Born so prematurely and untreated for nine hours, “Tim suffered from other medical conditions,” the Irish Times reported. “He was autistic, could barely speak and underwent many operations during his life.” But Tim lived to be 21, not one or two years as was predicted.

Bernhard and Simone Guido had applied to be foster parents. In a book Simone Guido wrote about their life with Tim, she said, “It was supposed to be a healthy girl.” But Tim’s biological mother and father declined to keep him.

And seeing him in the hospital in 1997, Simone Guido wrote, was like love at first sight: “We immediately thought: he belongs with us.”

Showing what kind of people the Guidos were, “As well as Tim and their two own children, the Guidos fostered two further children with Down syndrome.”

Their experience with Tim turned the Guidos into pro-life activists, campaigning against late-term abortion and the use of pre-natal tests to allow abortions.

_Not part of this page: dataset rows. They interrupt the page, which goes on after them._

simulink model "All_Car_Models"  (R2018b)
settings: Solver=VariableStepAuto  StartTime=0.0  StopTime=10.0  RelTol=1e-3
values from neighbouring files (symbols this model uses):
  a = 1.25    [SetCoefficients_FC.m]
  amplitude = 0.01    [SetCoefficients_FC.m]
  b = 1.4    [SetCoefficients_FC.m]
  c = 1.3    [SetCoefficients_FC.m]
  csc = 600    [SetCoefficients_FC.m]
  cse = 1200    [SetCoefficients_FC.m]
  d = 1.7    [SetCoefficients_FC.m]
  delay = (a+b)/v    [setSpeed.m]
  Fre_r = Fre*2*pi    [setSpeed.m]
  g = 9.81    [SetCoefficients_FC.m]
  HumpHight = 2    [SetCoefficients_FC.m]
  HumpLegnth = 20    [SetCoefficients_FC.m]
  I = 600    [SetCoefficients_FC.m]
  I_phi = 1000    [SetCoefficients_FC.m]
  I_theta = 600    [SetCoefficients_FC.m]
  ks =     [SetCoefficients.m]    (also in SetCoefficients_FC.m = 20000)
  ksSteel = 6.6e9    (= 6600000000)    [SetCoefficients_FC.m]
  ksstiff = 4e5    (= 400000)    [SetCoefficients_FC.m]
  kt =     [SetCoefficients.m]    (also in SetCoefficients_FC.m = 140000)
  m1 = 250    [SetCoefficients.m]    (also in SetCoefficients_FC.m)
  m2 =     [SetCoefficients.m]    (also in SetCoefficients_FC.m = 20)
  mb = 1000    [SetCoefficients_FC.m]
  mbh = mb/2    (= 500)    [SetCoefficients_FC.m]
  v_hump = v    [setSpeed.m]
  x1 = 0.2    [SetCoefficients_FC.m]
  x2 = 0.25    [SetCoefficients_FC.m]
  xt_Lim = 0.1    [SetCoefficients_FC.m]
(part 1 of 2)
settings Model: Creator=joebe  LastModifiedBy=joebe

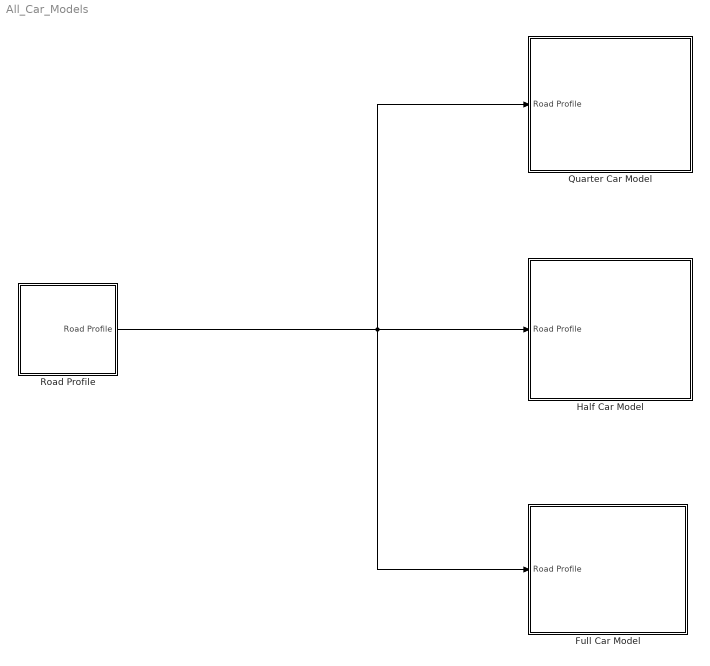
== system All_Car_Models ==
  Full Car Model : Subsystem
  Half Car Model : Subsystem
  Quarter Car Model : Subsystem
  Road Profile : Subsystem
  wires:
  Road Profile/1(Road Profile) -> Quarter Car Model/1(Road Profile), Full Car Model/1(Road Profile), Half Car Model/1(Road Profile)

== system All_Car_Models/Full Car Model ==
  Road Profile : Inport
  Bus Selector : BusSelector  OutputSignals=Body Vertical Motion.COM Displacement,Body Vertical Motion.COM Velocity,body pitch motion.Pitch Angle,body pitch motion.Pitch Velocity,Body Pitch motion.Roll Angle,Body Pitch motion.Roll Velocity
  Bus Selector1 : BusSelector  OutputSignals=Front Left Body Motion.Front Left Displacement,Front Right Body Motion.Front Right Displacement,Rear Left Body Motion.Rear Left Displacement,Rear Right Body Motion.Rear Right Displacement
  COM/Road displacement : Scope  NumInputPorts=2
  Full Car Model : Subsystem
  Pitch Angle : Scope
  Pitch Velocity : Scope
  Roll Angle : Scope
  Roll Velocity : Scope
  Tyre/COM displacements : Scope  NumInputPorts=5
  Vertical Displacement : Scope
  Vertical Velocity : Scope
  wires:
  Bus Selector1/2 -> Tyre/COM displacements/2  "<Front Right Displacement>"
  Bus Selector/3 -> Pitch Angle/1  "<Pitch Angle>"
  Full Car Model/1(Body Motion) -> Bus Selector/1
  Bus Selector/6 -> Roll Velocity/1  "<Roll Velocity>"
  Bus Selector/5 -> Roll Angle/1  "<Roll Angle>"
  Bus Selector/1 -> Vertical Displacement/1, Tyre/COM displacements/5, COM/Road displacement/1  "<COM Displacement>"
  Bus Selector/2 -> Vertical Velocity/1  "<COM Velocity>"
  Road Profile/1 -> Full Car Model/1(Road Profile), COM/Road displacement/2
  Bus Selector1/1 -> Tyre/COM displacements/1  "<Front Left Displacement>"
  Bus Selector1/3 -> Tyre/COM displacements/3  "<Rear Left Displacement>"
  Bus Selector/4 -> Pitch Velocity/1  "<Pitch Velocity>"
  Full Car Model/2(Body Section Motion) -> Bus Selector1/1
  Bus Selector1/4 -> Tyre/COM displacements/4  "<Rear Right Displacement>"

== system All_Car_Models/Half Car Model ==
  Road Profile : Inport
  1/2 Car Model : Subsystem
  1/2 Car Model Improved : Subsystem
  Body displacements : Scope  NumInputPorts=3
  Body displacements Improved model : Scope  NumInputPorts=3
  COM Body comparrison : Scope  NumInputPorts=2
  Demux{,1,3..4} (4 alike) : Demux
  wires:
  Demux1/3 -> Body displacements/2  "Rear Body displacement"
  Demux3/1 -> Body displacements Improved model/3, COM Body comparrison/2  "COM Displacement Improved Model"
  1/2 Car Model/2(Body Section motions) -> Demux1/1
  Demux/1 -> COM Body comparrison/1, Body displacements/3  "COM Displcameent Original Model"
  1/2 Car Model Improved/2(Body Section motions) -> Demux4/1
  Demux4/1 -> Body displacements Improved model/1  "Front Body Displacement"
  Road Profile/1 -> 1/2 Car Model/1(Road Profile), 1/2 Car Model Improved/1(Road Profile)
  1/2 Car Model Improved/1(Body Motion. (sb.sbd.theta,thetad)) -> Demux3/1
  Demux4/3 -> Body displacements Improved model/2  "Rear Body displacement"
  1/2 Car Model/1(Body Motion) -> Demux/1
  Demux1/1 -> Body displacements/1  "Front Body Displacement"

== system All_Car_Models/Quarter Car Model ==
  Road Profile : Inport
  Body Displacement : Scope
  Body Velocity : Scope
  Body Wheel and Road Displacement : Scope  NumInputPorts=3
  Demux : Demux  Outputs=2
  Demux1 : Demux  Outputs=2
  Quarter Car Model : Subsystem
  Wheel Displacement : Scope
  Wheel Velocity : Scope
  wires:
  Demux/2 -> Body Velocity/1  "Body Velcoity"
  Demux1/1 -> Body Wheel and Road Displacement/3, Wheel Displacement/1  "Wheel Displacement"
  Demux1/2 -> Wheel Velocity/1  "Wheel Velocity"
  Road Profile/1 -> Body Wheel and Road Displacement/2, Quarter Car Model/1(Road profile)
  Demux/1 -> Body Wheel and Road Displacement/1, Body Displacement/1  "Body Displacement"
  Quarter Car Model/1(Body Motion) -> Demux/1
  Quarter Car Model/2(Wheel Motion) -> Demux1/1

== system All_Car_Models/Road Profile ==
  Constant : Constant  Value=0
  Delay : TransportDelay  BufferSize=3072
  Delay1 : TransportDelay  BufferSize=3072
  Humpback bridge : Subsystem  mask{h=HumpHight, L=HumpLegnth, v=v_hump}
      mask prompts: h "humpback height (m)"; L "humpback length (m)"; v "vehicle speed (m/s)"
  Sine Wave : Sin  Amplitude=amplitude  Frequency=Fre_r  SampleTime=0
  Step Drop : Step  Time=2  After=-5  SampleTime=0
  Step Increase : Step  Time=2  SampleTime=0
  Road Profile : Outport
  wires:
  Humpback bridge/1(r) -> Delay1/1
  Sine Wave/1 -> Delay/1
  Delay1/1 -> Road Profile/1  "Road Profile"

== system All_Car_Models/Full Car Model/Full Car Model ==
  Road Profile : Inport
  Bus Creator : BusCreator  Inputs=4
  Bus Selector : BusSelector  OutputSignals=Front Left Body Motion,Rear Left Body Motion,Front Right Body Motion,Rear Right Body Motion
  Delay from front to rear wheels : TransportDelay  DelayTime=delay  BufferSize=3072
  Front Left Wheel Suspension model : Subsystem
  Front Right Suspension model : Subsystem
  Full Car Body Model : Subsystem
  Rear Left Wheel Suspension model : Subsystem
  Rear Right Suspension model : Subsystem
  Body Motion : Outport
  Body Section Motion : Outport  Port=2
  wires:
  Full Car Body Model/1(Body Motion) -> Body Motion/1
  Delay from front to rear wheels/1 -> Rear Right Suspension model/2(Road Profile), Rear Left Wheel Suspension model/2(Road Profile)
  Road Profile/1 -> Delay from front to rear wheels/1, Front Left Wheel Suspension model/2(Road Profile), Front Right Suspension model/2(Road Profile)
  Bus Selector/1 -> Front Left Wheel Suspension model/1(Body Motion)  "<Front Left Body Motion>"
  Front Left Wheel Suspension model/1(Front Left Suspension Force) -> Bus Creator/1  "Front Left  Suspension Force"
  Rear Right Suspension model/1(Rear Right Suspension Force) -> Bus Creator/3  "Rear Right  Suspension Force"
  Front Right Suspension model/1(Front Right Suspension Force) -> Bus Creator/4  "Front Right  Suspension Force"
  Bus Selector/3 -> Front Right Suspension model/1(Body Motion)  "<Front Right Body Motion>"
  Full Car Body Model/2(Body Section Motion) -> Bus Selector/1, Body Section Motion/1  "Body Section Motions"
  Bus Selector/2 -> Rear Left Wheel Suspension model/1(Body Motion)  "<Rear Left Body Motion>"
  Rear Left Wheel Suspension model/1(Rear Left Suspension Force) -> Bus Creator/2  "Rear Left  Suspension Force"
  Bus Selector/4 -> Rear Right Suspension model/1(Body Motion)  "<Rear Right Body Motion>"
  Bus Creator/1 -> Full Car Body Model/1(Suspention Forces)

== system All_Car_Models/Half Car Model/1//2 Car Model ==
  Road Profile : Inport
  1/2 car body model : Subsystem
  Delay from front to rear wheel : TransportDelay  DelayTime=delay  BufferSize=3072
  Front Wheel Suspention model : Subsystem
  Mux : Mux  Inputs=2
  Rear Wheel Suspention model : Subsystem
  Body Motion : Outport
  Body Section motions : Outport  Port=2
  wires:
  1/2 car body model/3(Rear Body Motion) -> Rear Wheel Suspention model/2(Body Motion), Mux/2  "Rear Body Motion"
  Front Wheel Suspention model/1(Front Suspention Force) -> 1/2 car body model/1(Front Suspention Force)  "Front Suspention Force"
  Rear Wheel Suspention model/1(Rear Suspention Force) -> 1/2 car body model/2(Rear Suspention Force)  "Rear Suspention Force"
  1/2 car body model/1(Front Body Motion) -> Front Wheel Suspention model/1(Body Motion), Mux/1  "Front Body Motion"
  1/2 car body model/2(Body Motion) -> Body Motion/1
  Road Profile/1 -> Front Wheel Suspention model/2(Road Profile), Delay from front to rear wheel/1
  Mux/1 -> Body Section motions/1
  Delay from front to rear wheel/1 -> Rear Wheel Suspention model/1(Road Profile)

== system All_Car_Models/Half Car Model/1//2 Car Model Improved ==
  note: Rear
  Road Profile : Inport
  1/2 car body model : Subsystem
  Delay from front to rear wheel2 : TransportDelay  DelayTime=delay  BufferSize=3072
  Front Wheel Suspension model : Subsystem
  Mux : Mux  Inputs=2
  Rear Wheel Suspension model : Subsystem
  Body Motion. (sb.sbd.theta,thetad) : Outport
  Body Section motions : Outport  Port=2
  wires:
  1/2 car body model/3(Rear Body Motion) -> Rear Wheel Suspension model/2(Body Motion), Mux/2  "Rear Body Motion"
  Front Wheel Suspension model/1(Fs) -> 1/2 car body model/1(Front Suspension Force)  "Front Suspension Force"
  Rear Wheel Suspension model/1(Fs) -> 1/2 car body model/2(Rear Suspension Force)  "Rear Suspension Force"
  1/2 car body model/1(Front Body Motion) -> Mux/1, Front Wheel Suspension model/1(Body Motion)  "Front Body Motion"
  1/2 car body model/2(Body Motion) -> Body Motion. (sb.sbd.theta,thetad)/1  "Body Motion. (sb.sbd.theta,thetad)"
  Road Profile/1 -> Delay from front to rear wheel2/1, Front Wheel Suspension model/2(Road Profile)
  Mux/1 -> Body Section motions/1
  Delay from front to rear wheel2/1 -> Rear Wheel Suspension model/1(Road Profile)

== system All_Car_Models/Quarter Car Model/Quarter Car Model ==
  Road profile : Inport
  Body Model : Subsystem
  Suspention Model : Subsystem
  Wheel Model : Subsystem
  Body Motion : Outport
  Wheel Motion : Outport  Port=2
  wires:
  Suspention Model/1(Suspention Force) -> Body Model/1("Suspention Force "), Wheel Model/2(Suspention force)  "Suspention Force"
  Wheel Model/1(Wheel Motion) -> Wheel Motion/1, Suspention Model/1(Wheel Motion)  "Wheel Motion"
  Body Model/1(Body Motion) -> Body Motion/1, Suspention Model/2(Body Motion)  "Body Motion"
  Road profile/1 -> Wheel Model/1(Road Profile)  "Road Profile"

== system All_Car_Models/Road Profile/Humpback bridge ==
  Add : Sum  Inputs=+-
  Constant : Constant  Value=h/2
  Product : Product
  Product1 : Product
  Sine Wave : Sin  Amplitude=h/2  Frequency=2*pi*v_hump/L  Phase=pi/2  SampleTime=0
  Step : Step  Time=0  SampleTime=0
  Step1 : Step  Time=L/v_hump  Before=1  After=0  SampleTime=0
  r : Outport
  wires:
  Constant/1 -> Add/1
  Sine Wave/1 -> Add/2
  Add/1 -> Product/1
  Step/1 -> Product/2
  Product/1 -> Product1/1
  Step1/1 -> Product1/2
  Product1/1 -> r/1

== system All_Car_Models/Full Car Model/Full Car Model/Front Left Wheel Suspension model ==
  Body Motion : Inport
  Road Profile : Inport  Port=2
  Suspention Model : Subsystem
  Wheel Model : Subsystem
  Front Left Suspension Force : Outport
  wires:
  Wheel Model/1(Wheel Motion) -> Suspention Model/1(Wheel Motion)  "s2.s2d"
  Road Profile/1 -> Wheel Model/2(Road Profile)
  Suspention Model/1(Suspension Force) -> Front Left Suspension Force/1, Wheel Model/1(Suspension force)
  Body Motion/1 -> Suspention Model/2(Body Motion)

== system All_Car_Models/Full Car Model/Full Car Model/Front Right Suspension model ==
  Body Motion : Inport
  Road Profile : Inport  Port=2
  Suspension Model : Subsystem
  Wheel Model : Subsystem
  Front Right Suspension Force : Outport
  wires:
  Wheel Model/1(Wheel Motion) -> Suspension Model/1(Wheel Motion)  "s2.s2d"
  Road Profile/1 -> Wheel Model/2(Road Profile)
  Suspension Model/1(Suspension Force) -> Front Right Suspension Force/1, Wheel Model/1(Suspension force)
  Body Motion/1 -> Suspension Model/2(Body Motion)

== system All_Car_Models/Full Car Model/Full Car Model/Full Car Body Model ==
  Suspention Forces : Inport
  Bus Creator : BusCreator  Inputs=3
  Bus Creator1 : BusCreator  Inputs=4
  Bus Selector : BusSelector  OutputSignals=|
      | Front Right 
      | Suspension Force,Front Left 
      | Suspension Force,Rear Right 
      | Suspension Force,Rear Left 
      | Suspension Force
  Car Pitch Motion : Subsystem
  Car Roll Motion1 : Subsystem
  Car Vertical Motion : Subsystem
  Front Left Body Motion : Subsystem
  "Front Right Body Motion " : Subsystem
  Rear Left Body Motion : Subsystem
  Rear Right Body Motion : Subsystem
  Body Motion : Outport
  Body Section Motion : Outport  Port=2
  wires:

Way back in 2006, reviewing a book about women who resisted the push to abort babies with genetic anomalies, they wrote

Behind such a practice lurks the belief that allowing these children to be born would burden them with second-rate lives and bring misery into the world. This gives rise to a form of new eugenics masquerading under the appearance of health concerns,

Tankard Reist warns. People who follow such a line of reasoning, she adds, might end up acquiescing to the selection and elimination of less-than-perfect children, a sort of infanticide.